Les impacts négatifs de la crise sanitaire liée à la pandémie du coronavirus n’épargnent quasiment personne en Guinée. A Labé, les mendiants font partie de ceux qui sont les plus affectés par cette situation. Depuis la fermeture des mosquées, ils ont du mal à se trouver à manger, a appris un correspondant de Guineematin.com dans la préfecture.

Devant la grande mosquée Karamoko Alpha Mo Labé, campent plusieurs mendiants, désespérés. Ils sont pour la plupart des personnes handicapées, qui ne comptent que sur les aides des bonnes volontés pour vivre. Mais, depuis un peu plus de deux semaines, leur situation s’est compliquée davantage. Cela, en raison de la fermeture de tous les lieux de culte du pays. Une décision qui s’inscrit dans le cadre de l’état d’urgence, décrété par le président Alpha Condé afin de stopper la propagation du coronavirus en Guinée. Plus de prière à la mosquée et plus de dons pour eux.

« C’est aux devant les mosquées que nous gagnons notre quotidien grâce aux personnes de bonne volonté. Mais, depuis que cette mosquée est fermée, notre situation est de plus en plus compliquée. Car, nous les personnes qui souffrons de handicap physique, il est difficile pour nous de faire une quelconque activité pour subvenir à nos besoins. Au moins si la mosquée est opérationnelle, les vendredis par exemple, les gens viennent de partout. Et, ce que nous obtenons dans la seule journée du vendredi peut nous suffire pour quelques jours. Mais maintenant, tout est arrêté », se lamente l’un d’entre eux.

Une autre vieille dame renchérit : « la vie devient de plus en plus difficile pour nous les mendiants depuis que la grande mosquée de Labé est fermée. Même les bonnes volontés qui passaient de souvent pour nous offrir des cadeaux et autres nourritures se font rares maintenant. Certains parmi nous sont là avec toute leur famille, ils passent toute la journée ici. D’autres sont des nourrices mais elles arrivent difficilement à trouver à manger pour eux et leurs enfants. C’est vraiment pitoyable », regrette-t-elle.

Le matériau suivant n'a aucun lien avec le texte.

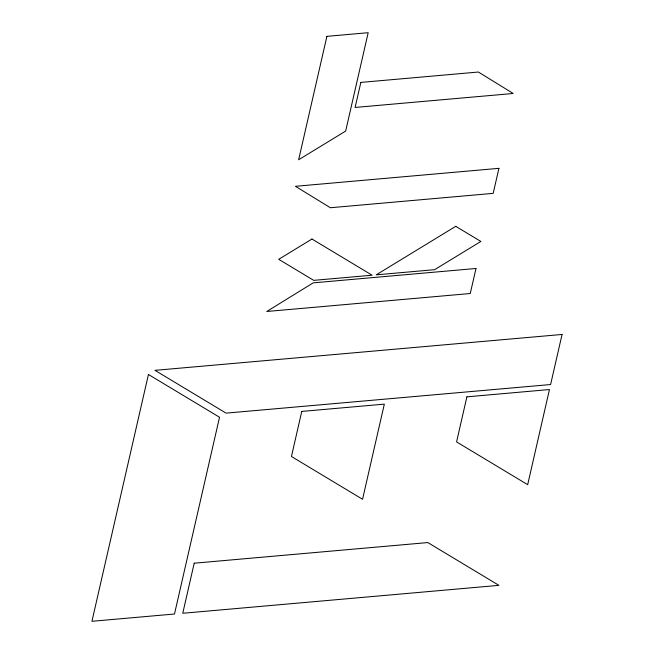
<?xml version="1.0" encoding="UTF-8"?>
<svg xmlns="http://www.w3.org/2000/svg" width="654" height="654" viewBox="0 0 654 654"><rect width="100%" height="100%" fill="white"/><g stroke="black" fill="none" stroke-linecap="round" stroke-linejoin="round"><path stroke-width="0.98" d="M148.433 374.472L91.936 621.3L174.495 614.008L219.531 417.252L148.433 374.472M194.213 563.2L182.752 613.272L498.92 585.346L427.822 542.567L194.213 563.2M326.902 36.346L298.641 159.764L345.655 131.078L368.186 32.7L326.902 36.346M360.844 82.412L355.114 107.444L513.186 93.481L478.385 72.03L360.844 82.412M301.764 411.423L291.447 456.492L362.553 499.272L384.331 404.131L301.764 411.423M475.989 268.475L470.259 293.515L266.767 311.492L313.192 282.863L475.989 268.475M498.92 168.331L493.19 193.363L330.393 207.743L295.428 186.308L498.92 168.331M466.891 396.839L456.574 441.9L527.68 484.679L549.458 389.539L466.891 396.839M562.064 334.456L550.603 384.536L226.08 413.132L154.973 370.352L562.064 334.456M311.958 239.029L278.71 259.311L313.707 280.362L372.093 275.203L311.958 239.029M455.748 226.325L376.222 274.844L434.599 269.685L480.886 241.449L455.748 226.325"/></g></svg>

Elle alerte que si rien n’est fait pour leur venir en aide, certains mendiants risquent de mourir de faim. « C’est pourquoi nous sollicitons auprès des autorités et des personnes de bonne volonté de penser à nous surtout en cette période difficile où tout le monde souffre, particulièrement nous les personnes handicapées. Sinon, si demain on apprend demain qu’un mendiant est mort de faim devant la grande mosquée de Labé, que cela ne surprise pour personne parce que nous souffrons énormément », a prévenu cette vieille, porteuse de handicap physique.